KARACHI: State-owned Islamabad Electric Supply Company (IESCO) has allowed its consumers to transfer surplus renewable electricity into its network, taking a lead among all the distribution companies that have been struggling to implement the net-metering concept in the past one year, an official said on Tuesday.  

In last September, the National Electric Power Regulatory Authority (Nepra) unveiled net-metering regulations, allowing consumers to generate renewable energy, particularly solar power for their own use, and feed the surplus energy into the network of distribution companies.

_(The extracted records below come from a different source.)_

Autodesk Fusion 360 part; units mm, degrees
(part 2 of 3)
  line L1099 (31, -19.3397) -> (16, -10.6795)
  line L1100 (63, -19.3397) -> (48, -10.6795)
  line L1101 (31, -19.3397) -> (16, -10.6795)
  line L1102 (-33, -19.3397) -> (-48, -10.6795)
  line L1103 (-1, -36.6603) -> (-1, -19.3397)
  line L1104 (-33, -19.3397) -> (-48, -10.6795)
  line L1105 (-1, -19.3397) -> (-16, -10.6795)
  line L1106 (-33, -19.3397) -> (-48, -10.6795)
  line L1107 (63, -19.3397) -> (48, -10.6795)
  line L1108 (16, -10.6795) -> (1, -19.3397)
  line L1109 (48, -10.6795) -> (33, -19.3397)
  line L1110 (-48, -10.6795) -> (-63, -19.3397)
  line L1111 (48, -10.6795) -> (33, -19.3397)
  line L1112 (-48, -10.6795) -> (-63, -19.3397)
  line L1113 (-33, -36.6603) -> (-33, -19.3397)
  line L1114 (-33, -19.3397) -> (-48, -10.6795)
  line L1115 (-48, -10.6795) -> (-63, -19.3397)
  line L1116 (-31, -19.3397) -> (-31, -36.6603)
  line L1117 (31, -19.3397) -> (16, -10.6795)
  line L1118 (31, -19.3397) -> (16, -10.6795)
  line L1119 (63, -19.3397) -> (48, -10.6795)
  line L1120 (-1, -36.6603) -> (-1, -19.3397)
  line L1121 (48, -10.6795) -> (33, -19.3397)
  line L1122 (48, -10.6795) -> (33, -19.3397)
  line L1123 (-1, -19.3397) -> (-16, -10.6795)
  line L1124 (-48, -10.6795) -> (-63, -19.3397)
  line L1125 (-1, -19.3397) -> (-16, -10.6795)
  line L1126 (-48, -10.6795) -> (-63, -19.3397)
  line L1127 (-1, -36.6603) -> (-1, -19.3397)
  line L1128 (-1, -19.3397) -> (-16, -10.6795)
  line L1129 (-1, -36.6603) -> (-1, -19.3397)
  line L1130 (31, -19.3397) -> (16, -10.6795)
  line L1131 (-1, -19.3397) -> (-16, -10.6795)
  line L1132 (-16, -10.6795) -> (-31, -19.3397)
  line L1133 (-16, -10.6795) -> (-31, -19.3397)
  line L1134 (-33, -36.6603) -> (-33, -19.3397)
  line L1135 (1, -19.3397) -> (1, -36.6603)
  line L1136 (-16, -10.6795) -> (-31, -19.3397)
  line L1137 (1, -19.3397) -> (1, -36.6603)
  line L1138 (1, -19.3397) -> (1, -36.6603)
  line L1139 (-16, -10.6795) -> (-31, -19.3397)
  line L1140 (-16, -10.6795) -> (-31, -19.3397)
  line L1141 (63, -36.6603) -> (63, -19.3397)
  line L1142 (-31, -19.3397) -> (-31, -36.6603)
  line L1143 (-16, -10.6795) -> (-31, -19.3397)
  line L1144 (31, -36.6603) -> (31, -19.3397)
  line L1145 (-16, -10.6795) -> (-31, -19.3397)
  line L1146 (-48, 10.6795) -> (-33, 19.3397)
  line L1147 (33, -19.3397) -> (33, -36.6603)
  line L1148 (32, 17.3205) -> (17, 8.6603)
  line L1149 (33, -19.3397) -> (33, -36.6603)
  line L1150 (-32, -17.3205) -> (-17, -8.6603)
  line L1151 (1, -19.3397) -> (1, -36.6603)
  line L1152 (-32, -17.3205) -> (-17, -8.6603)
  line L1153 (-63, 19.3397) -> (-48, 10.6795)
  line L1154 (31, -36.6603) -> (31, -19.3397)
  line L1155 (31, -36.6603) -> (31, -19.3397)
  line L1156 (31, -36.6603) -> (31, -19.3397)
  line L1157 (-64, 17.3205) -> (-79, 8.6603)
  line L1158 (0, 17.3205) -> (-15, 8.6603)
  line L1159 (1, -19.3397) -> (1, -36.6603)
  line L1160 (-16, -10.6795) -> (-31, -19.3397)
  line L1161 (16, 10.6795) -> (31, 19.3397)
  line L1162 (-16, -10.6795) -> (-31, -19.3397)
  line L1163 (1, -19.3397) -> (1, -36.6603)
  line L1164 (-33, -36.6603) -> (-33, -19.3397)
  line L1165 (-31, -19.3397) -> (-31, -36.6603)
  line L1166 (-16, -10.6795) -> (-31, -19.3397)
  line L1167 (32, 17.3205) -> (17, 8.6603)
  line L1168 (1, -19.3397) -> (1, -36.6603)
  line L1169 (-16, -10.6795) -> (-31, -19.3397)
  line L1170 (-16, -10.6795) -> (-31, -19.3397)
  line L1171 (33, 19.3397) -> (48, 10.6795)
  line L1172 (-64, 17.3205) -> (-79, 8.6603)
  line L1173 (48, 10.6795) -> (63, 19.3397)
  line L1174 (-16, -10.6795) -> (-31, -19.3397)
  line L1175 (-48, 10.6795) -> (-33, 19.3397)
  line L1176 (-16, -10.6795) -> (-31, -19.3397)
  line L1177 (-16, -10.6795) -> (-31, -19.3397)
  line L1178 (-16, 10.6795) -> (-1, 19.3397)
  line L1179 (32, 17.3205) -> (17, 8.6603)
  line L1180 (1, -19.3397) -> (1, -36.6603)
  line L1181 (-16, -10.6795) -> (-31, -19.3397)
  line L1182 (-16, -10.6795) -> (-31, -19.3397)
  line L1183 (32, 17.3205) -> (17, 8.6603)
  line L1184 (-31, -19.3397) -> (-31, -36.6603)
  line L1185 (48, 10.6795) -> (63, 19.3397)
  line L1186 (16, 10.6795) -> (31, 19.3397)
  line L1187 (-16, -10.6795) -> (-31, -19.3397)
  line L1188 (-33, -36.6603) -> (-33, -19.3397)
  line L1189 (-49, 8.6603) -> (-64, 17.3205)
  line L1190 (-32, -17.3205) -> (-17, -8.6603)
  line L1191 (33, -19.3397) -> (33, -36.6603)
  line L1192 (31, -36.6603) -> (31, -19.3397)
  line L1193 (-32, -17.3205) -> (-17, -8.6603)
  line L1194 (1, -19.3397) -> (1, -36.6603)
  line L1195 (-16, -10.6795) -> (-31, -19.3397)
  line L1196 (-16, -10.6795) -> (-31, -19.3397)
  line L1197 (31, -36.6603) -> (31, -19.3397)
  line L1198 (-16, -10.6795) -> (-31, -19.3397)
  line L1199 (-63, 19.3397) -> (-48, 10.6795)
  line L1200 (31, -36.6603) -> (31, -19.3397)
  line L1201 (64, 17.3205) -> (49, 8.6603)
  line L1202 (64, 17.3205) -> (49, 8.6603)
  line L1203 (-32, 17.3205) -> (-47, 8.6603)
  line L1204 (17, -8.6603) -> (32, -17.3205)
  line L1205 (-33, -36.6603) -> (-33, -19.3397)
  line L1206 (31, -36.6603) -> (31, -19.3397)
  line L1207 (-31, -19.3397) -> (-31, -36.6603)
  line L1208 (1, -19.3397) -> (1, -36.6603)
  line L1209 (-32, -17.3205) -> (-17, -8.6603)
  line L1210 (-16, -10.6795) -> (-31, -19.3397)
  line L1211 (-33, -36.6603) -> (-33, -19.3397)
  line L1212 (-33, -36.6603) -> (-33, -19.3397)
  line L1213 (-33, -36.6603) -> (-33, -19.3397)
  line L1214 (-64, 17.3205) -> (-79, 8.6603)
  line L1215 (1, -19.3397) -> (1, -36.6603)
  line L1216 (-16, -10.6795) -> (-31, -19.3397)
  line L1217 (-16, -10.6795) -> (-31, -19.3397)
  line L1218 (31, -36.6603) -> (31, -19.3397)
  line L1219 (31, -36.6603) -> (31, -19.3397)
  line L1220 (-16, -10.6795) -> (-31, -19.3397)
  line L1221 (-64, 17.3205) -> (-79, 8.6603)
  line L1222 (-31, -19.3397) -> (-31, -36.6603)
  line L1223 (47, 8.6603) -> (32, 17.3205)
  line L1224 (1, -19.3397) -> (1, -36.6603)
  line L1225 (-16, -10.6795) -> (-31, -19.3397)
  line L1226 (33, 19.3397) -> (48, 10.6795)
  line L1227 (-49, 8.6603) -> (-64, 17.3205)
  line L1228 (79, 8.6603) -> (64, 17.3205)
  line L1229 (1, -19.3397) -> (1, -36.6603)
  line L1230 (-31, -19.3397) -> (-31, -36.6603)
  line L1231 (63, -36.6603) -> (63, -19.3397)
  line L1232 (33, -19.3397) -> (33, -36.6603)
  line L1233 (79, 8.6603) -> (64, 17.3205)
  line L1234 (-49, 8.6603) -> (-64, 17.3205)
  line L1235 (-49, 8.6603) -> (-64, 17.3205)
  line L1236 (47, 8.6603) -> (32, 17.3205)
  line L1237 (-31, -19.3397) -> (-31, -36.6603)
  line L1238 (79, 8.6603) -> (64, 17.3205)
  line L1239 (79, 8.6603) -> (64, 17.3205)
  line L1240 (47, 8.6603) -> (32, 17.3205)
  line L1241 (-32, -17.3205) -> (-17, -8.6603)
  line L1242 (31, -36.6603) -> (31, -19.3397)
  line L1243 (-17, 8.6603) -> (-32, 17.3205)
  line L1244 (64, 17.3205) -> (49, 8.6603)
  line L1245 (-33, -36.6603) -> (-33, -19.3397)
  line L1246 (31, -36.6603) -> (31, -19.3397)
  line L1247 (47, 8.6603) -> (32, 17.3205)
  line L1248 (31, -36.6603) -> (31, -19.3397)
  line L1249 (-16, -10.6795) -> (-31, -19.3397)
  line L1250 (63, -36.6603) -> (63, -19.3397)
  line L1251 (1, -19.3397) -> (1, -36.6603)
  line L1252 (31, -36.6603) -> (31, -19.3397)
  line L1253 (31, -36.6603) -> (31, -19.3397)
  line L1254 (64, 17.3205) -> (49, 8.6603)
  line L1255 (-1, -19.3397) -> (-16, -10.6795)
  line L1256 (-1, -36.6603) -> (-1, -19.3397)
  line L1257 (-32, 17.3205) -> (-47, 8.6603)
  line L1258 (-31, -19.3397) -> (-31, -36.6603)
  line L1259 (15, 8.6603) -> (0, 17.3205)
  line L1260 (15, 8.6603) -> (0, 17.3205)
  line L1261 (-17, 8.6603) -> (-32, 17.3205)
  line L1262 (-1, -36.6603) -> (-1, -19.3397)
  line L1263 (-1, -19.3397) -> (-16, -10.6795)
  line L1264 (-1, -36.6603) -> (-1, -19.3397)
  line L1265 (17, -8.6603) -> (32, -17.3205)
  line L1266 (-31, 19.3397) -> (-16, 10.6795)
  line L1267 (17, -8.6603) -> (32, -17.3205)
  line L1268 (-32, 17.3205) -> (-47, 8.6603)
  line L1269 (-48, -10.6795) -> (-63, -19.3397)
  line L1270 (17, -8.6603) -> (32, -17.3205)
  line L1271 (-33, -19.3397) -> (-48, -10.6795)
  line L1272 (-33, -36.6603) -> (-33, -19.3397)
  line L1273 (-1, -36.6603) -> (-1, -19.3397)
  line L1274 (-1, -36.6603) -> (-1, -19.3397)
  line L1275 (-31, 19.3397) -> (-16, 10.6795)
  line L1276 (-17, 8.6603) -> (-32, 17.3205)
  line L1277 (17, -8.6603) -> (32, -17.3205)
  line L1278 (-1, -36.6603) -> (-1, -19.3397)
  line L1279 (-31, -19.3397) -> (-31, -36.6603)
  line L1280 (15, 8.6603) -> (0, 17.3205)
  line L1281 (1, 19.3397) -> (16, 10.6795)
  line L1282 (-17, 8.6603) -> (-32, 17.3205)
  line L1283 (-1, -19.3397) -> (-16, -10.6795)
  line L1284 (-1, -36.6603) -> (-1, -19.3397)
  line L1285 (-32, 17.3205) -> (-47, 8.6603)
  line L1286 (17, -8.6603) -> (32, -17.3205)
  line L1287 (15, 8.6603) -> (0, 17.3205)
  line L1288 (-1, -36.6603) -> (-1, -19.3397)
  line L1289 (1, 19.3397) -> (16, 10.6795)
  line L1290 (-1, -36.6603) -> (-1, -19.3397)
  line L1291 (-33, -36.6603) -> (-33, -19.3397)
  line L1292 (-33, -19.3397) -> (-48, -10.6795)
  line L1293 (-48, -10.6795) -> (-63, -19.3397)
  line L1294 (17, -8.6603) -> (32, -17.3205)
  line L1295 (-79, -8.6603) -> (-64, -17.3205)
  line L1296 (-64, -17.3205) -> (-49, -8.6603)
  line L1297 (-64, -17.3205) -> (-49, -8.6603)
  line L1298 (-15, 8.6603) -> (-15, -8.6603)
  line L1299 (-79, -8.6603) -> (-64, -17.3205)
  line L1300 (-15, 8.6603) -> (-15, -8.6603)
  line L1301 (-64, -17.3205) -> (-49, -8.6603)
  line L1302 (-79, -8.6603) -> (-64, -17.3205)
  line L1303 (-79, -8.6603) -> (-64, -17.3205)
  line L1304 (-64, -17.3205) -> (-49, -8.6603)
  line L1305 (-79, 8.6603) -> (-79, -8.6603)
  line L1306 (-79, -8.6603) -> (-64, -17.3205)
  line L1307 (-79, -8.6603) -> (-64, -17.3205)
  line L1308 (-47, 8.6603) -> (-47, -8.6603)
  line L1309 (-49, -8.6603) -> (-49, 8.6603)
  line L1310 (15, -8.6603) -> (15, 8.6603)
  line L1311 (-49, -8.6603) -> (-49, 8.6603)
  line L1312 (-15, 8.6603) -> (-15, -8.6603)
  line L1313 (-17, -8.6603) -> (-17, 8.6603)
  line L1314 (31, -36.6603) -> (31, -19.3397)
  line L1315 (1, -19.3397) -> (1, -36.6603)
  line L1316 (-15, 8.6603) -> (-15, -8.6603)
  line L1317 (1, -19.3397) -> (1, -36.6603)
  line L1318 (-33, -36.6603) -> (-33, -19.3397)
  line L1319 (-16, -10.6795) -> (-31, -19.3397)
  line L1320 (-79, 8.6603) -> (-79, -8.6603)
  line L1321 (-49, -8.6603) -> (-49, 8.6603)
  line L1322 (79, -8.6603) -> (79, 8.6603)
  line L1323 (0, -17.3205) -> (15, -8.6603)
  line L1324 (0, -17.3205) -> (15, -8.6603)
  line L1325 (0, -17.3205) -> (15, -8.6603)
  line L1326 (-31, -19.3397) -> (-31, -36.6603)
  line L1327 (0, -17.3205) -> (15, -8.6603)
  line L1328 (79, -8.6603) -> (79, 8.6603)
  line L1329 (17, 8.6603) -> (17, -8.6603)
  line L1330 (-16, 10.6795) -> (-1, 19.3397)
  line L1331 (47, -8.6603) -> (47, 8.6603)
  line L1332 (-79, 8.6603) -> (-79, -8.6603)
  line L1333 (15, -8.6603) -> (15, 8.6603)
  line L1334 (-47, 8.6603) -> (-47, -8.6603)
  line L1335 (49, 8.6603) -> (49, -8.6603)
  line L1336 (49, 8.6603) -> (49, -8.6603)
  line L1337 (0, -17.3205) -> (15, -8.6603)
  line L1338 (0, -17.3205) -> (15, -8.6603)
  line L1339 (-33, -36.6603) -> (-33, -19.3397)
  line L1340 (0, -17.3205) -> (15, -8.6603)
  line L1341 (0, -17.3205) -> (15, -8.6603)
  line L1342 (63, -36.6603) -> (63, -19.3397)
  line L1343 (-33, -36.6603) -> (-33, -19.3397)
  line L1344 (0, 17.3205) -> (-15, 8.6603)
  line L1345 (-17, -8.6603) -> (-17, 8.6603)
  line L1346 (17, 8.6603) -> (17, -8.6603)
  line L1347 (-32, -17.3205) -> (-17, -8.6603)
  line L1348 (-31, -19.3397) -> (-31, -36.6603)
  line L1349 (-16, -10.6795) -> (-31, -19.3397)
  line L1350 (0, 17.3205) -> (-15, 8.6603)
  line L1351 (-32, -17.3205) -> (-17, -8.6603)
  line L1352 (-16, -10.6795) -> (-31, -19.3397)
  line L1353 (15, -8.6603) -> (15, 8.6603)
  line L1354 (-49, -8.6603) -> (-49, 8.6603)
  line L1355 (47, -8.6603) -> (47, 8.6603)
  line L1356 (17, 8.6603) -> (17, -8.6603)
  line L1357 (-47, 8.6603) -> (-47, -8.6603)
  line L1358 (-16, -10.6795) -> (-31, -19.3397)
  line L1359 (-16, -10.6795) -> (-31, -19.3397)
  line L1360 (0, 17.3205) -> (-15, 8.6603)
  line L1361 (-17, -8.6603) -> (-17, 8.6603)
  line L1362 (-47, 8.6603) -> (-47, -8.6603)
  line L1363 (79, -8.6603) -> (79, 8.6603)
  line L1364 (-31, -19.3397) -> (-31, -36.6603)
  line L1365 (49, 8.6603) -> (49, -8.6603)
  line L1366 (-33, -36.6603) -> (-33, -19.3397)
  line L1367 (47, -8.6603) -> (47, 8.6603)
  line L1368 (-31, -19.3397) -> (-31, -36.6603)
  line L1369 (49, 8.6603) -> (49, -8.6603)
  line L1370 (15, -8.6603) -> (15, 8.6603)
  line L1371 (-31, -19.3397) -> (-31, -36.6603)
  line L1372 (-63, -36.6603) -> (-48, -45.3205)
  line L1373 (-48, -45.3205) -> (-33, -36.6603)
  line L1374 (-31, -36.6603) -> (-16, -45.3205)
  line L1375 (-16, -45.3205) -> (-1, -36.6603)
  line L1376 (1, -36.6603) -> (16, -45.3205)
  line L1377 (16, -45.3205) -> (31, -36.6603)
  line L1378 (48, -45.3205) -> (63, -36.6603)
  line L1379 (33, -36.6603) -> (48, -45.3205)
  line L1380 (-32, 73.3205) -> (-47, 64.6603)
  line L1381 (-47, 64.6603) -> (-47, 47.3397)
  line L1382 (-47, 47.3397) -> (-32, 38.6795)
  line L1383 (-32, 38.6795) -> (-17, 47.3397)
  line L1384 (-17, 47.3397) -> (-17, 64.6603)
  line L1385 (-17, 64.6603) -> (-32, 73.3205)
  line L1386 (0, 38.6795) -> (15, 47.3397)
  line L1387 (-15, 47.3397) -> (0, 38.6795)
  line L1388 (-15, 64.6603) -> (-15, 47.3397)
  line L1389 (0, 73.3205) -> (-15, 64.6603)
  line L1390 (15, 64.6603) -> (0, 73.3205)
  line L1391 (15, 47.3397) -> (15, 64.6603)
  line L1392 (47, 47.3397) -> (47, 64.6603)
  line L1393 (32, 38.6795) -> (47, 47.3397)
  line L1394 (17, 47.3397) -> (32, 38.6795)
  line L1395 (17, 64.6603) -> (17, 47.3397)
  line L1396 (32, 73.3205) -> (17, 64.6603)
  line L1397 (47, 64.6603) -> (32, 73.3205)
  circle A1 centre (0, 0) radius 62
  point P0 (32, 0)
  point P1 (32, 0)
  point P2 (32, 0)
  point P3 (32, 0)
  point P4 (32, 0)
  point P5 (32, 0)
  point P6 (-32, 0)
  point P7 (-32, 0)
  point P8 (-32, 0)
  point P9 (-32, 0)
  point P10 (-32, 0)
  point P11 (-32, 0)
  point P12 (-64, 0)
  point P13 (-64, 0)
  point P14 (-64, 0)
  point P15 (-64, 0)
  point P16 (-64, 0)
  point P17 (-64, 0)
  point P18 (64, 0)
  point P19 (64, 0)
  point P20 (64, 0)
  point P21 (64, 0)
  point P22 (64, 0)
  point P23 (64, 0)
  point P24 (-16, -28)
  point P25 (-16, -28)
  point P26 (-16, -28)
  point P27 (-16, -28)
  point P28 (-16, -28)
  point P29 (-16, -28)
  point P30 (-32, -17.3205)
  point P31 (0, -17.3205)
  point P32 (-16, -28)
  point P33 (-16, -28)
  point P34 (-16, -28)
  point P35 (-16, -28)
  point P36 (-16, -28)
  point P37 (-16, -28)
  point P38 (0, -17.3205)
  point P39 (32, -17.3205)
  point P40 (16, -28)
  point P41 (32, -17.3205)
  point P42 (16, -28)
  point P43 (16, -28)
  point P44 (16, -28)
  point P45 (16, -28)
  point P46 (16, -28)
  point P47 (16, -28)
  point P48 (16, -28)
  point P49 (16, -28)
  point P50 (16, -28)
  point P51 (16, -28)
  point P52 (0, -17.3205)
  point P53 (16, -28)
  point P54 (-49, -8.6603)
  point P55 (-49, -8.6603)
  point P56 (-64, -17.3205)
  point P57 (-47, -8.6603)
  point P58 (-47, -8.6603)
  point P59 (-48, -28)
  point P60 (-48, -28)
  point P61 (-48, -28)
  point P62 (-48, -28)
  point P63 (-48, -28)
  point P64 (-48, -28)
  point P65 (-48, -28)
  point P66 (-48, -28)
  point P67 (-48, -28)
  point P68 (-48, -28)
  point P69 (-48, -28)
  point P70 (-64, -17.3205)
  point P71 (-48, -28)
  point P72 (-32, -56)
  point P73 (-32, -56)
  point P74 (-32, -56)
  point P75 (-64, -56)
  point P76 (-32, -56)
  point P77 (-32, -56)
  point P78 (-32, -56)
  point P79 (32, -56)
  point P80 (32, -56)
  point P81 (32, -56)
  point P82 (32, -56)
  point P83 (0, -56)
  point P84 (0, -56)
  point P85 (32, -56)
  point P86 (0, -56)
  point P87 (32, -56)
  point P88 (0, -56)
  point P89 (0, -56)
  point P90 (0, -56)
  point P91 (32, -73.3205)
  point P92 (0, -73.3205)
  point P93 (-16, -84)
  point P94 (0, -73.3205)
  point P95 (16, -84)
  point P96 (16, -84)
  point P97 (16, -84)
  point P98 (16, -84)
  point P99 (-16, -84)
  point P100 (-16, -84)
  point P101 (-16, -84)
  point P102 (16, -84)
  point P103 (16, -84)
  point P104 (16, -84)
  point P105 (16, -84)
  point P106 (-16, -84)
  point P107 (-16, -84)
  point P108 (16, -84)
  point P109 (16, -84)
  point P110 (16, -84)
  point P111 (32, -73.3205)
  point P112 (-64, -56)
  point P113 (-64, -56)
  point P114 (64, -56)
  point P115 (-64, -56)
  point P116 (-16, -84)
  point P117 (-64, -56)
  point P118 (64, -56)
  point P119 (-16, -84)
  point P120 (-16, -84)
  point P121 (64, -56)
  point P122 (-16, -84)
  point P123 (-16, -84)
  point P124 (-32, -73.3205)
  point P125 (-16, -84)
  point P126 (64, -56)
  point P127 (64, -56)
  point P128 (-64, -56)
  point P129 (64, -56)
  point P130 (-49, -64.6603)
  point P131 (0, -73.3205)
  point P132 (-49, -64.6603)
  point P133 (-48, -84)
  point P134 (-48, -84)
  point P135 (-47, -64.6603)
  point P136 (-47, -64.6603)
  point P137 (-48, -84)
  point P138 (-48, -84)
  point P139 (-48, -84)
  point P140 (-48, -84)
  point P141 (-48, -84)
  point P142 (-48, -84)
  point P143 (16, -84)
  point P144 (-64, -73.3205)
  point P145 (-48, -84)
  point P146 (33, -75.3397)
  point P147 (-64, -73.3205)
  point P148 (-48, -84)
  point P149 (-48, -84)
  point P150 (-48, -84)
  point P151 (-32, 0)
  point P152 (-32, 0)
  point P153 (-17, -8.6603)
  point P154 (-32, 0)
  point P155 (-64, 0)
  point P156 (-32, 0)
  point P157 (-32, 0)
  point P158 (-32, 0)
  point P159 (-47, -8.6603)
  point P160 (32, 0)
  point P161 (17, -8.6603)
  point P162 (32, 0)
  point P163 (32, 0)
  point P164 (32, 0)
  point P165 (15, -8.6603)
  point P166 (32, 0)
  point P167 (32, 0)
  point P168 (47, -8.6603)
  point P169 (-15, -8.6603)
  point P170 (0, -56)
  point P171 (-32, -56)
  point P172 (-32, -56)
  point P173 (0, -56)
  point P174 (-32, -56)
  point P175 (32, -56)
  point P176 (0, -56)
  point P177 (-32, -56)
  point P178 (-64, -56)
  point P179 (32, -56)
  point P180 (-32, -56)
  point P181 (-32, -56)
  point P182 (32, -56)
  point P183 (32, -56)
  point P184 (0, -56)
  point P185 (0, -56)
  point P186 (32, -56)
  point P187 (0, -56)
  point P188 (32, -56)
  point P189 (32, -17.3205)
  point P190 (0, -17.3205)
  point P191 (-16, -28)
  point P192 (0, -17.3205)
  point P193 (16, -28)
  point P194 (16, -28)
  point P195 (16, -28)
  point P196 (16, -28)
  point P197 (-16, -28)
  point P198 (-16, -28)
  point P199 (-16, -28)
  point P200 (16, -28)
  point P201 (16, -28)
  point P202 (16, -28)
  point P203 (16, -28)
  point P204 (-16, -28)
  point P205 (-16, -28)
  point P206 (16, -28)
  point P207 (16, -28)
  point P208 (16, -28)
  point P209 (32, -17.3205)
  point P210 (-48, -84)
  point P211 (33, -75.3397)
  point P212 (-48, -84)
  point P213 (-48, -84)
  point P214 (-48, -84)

IESCO initiated this arrangement at various locations in the country’s capital city.  The Nepra has already issued a couple of licences to households for photo voltaic solar-based distributed generation facilities in Islamabad. 

“We have so far received 20 applications and around 100 queries related to net-metering,” the official said. With more than 300 days of sunshine, the country has an enormous rooftop electricity generation potential. Rooftop solar can drastically bring down the power demand and reduce load on the distribution and transmission system.

Inam-ur-Rehman, chief executive officer (CEO) of Reon Energy said the development of alternate energy on micro as well as mass levels needs an encouragement from the government authorities.

“Lahore Electric Supply Company is also considering implementing the net metering,” Rehman said. “K-Electric is reluctant as the power utility does not want to lose sales.”  He said net-metering could add power that could reduce the gap between energy demand and supply and also bring down the electricity cost for consumers.

Power shortfall ramps up to 5,000 megawatts in the country. “It will also decrease the load on the overall transmission and distribution system,” Rehman said. “Each rooftop and open space can act as a solar generator. Pakistan is one of the best countries in the world for rooftop solar – almost 1.5 times better than Germany.”

A consumer, willing to install generation facility for net-metering, will need to acquire a distribution licence from the Nepra.  “It is a cumbersome process, but the Nepra is quite efficient and processing the applications within weeks,” said CEO Reon Energy.

The regulations said the surplus solar electricity produced in a month will be carried forward, as an electricity credit in the electricity bill of the next month and so on. “Finally, at the end of the financial year, the net surplus electricity will be credited to the consumer at an agreed rate,” read the document. The scheme provides an incentive to those who are paying high electricity tariffs, such as high-end residential and commercial consumers to go solar.